(Records from a data collection)
┌──

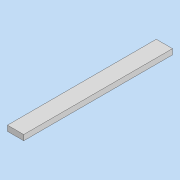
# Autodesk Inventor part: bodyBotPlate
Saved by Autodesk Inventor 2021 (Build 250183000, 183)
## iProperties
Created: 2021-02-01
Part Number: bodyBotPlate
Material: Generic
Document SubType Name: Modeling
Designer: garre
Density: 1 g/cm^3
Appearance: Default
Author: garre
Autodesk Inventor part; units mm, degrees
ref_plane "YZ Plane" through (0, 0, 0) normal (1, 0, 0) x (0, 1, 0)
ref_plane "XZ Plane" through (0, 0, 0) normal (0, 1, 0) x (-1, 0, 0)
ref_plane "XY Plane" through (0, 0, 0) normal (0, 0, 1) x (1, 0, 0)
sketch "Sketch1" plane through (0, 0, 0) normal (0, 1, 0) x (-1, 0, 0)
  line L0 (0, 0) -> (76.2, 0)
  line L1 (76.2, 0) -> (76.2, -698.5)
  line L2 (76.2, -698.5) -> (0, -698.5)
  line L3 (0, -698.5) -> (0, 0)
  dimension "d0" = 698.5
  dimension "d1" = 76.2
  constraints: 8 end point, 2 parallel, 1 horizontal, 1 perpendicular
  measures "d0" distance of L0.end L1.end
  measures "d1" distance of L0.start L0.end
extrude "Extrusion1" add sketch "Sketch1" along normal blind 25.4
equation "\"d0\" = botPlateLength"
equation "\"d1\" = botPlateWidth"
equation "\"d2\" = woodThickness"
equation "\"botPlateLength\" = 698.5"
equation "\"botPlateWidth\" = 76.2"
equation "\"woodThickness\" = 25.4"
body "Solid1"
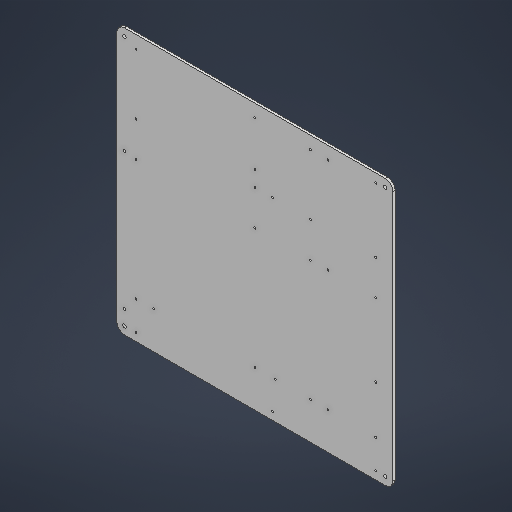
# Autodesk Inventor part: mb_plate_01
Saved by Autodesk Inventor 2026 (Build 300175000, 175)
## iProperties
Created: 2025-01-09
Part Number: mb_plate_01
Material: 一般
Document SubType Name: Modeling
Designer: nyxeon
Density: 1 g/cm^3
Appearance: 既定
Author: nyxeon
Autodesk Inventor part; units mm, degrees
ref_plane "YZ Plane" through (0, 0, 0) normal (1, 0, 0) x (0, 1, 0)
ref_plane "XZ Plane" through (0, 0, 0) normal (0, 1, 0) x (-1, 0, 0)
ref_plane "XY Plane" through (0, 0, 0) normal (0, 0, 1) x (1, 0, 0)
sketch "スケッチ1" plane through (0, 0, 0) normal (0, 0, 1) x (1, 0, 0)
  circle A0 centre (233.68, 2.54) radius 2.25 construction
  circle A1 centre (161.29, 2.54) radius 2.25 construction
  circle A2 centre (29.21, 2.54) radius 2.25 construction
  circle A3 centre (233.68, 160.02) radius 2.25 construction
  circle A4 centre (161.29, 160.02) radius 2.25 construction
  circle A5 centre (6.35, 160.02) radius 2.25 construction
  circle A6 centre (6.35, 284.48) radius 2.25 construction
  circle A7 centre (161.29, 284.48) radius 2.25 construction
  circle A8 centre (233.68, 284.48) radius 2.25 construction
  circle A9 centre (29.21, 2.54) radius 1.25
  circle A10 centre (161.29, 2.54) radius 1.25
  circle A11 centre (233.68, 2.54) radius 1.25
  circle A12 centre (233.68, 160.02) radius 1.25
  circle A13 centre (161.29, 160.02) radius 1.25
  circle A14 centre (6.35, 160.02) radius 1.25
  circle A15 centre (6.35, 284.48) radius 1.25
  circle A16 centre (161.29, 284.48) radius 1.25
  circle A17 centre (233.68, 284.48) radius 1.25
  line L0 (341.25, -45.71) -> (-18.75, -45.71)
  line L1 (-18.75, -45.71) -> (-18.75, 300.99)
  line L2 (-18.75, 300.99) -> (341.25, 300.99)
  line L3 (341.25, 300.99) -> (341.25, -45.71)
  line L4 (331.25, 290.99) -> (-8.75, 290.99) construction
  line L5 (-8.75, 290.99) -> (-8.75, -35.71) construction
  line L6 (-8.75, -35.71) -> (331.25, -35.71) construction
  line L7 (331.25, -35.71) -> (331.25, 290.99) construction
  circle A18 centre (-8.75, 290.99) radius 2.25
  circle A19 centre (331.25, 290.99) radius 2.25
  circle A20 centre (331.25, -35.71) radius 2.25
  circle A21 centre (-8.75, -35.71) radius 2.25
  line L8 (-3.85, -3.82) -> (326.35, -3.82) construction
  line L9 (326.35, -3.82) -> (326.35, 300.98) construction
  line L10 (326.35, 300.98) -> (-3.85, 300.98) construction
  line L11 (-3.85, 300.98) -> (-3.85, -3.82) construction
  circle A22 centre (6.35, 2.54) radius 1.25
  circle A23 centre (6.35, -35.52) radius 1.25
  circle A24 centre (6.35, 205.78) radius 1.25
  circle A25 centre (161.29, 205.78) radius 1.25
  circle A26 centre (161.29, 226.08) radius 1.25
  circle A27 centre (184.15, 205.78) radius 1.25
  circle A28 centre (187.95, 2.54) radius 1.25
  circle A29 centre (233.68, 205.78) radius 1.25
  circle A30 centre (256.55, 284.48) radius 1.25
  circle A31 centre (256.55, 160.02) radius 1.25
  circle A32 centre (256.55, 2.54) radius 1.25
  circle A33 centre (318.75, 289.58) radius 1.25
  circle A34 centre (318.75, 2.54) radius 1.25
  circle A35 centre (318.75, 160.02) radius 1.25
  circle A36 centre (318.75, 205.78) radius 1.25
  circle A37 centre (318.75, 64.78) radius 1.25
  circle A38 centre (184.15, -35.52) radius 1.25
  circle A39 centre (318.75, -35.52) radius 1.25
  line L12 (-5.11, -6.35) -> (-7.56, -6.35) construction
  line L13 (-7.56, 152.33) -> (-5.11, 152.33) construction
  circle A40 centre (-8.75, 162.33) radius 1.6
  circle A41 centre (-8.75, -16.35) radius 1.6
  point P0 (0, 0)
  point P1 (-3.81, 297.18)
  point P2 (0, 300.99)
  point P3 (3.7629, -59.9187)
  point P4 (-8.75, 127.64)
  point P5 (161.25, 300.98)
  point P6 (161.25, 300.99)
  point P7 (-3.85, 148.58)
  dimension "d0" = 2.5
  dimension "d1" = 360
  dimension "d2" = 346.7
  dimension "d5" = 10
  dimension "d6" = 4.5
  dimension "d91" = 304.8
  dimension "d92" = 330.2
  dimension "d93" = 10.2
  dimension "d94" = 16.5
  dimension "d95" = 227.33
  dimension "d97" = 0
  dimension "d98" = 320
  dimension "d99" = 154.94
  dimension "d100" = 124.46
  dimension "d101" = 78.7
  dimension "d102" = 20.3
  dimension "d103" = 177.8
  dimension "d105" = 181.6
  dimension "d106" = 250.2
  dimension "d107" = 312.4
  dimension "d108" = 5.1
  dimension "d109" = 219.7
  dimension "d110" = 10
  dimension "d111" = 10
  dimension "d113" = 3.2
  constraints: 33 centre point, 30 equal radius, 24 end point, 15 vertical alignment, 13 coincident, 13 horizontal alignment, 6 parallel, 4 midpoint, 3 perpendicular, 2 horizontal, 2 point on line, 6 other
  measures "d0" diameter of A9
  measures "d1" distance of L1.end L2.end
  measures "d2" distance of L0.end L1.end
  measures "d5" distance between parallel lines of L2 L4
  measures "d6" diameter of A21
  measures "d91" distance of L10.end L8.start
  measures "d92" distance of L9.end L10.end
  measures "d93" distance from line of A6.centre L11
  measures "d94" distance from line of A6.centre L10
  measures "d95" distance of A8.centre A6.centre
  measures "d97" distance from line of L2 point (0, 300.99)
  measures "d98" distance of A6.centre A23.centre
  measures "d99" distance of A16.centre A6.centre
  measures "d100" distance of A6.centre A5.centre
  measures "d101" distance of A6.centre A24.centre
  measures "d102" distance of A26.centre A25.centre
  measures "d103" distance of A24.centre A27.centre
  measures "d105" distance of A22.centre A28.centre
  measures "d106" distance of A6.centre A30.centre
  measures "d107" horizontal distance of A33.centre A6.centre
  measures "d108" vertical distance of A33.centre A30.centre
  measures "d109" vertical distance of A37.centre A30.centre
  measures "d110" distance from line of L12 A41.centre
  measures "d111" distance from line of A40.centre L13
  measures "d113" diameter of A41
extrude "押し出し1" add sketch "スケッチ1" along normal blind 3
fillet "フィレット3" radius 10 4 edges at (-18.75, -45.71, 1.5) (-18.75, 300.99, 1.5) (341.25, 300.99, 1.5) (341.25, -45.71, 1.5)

└──

• **EXERCISE GOAL**
Only the lines above starting with the one with "# Autodesk Inventor part: mb_plate_01" and going through the one with "circle A3 centre" are to be copied, word for word and with both ends kept.

• **EXERCISE RESULT**
# Autodesk Inventor part: mb_plate_01
Saved by Autodesk Inventor 2026 (Build 300175000, 175)
## iProperties
Created: 2025-01-09
Part Number: mb_plate_01
Material: 一般
Document SubType Name: Modeling
Designer: nyxeon
Density: 1 g/cm^3
Appearance: 既定
Author: nyxeon
Autodesk Inventor part; units mm, degrees
ref_plane "YZ Plane" through (0, 0, 0) normal (1, 0, 0) x (0, 1, 0)
ref_plane "XZ Plane" through (0, 0, 0) normal (0, 1, 0) x (-1, 0, 0)
ref_plane "XY Plane" through (0, 0, 0) normal (0, 0, 1) x (1, 0, 0)
sketch "スケッチ1" plane through (0, 0, 0) normal (0, 0, 1) x (1, 0, 0)
  circle A0 centre (233.68, 2.54) radius 2.25 construction
  circle A1 centre (161.29, 2.54) radius 2.25 construction
  circle A2 centre (29.21, 2.54) radius 2.25 construction
  circle A3 centre (233.68, 160.02) radius 2.25 construction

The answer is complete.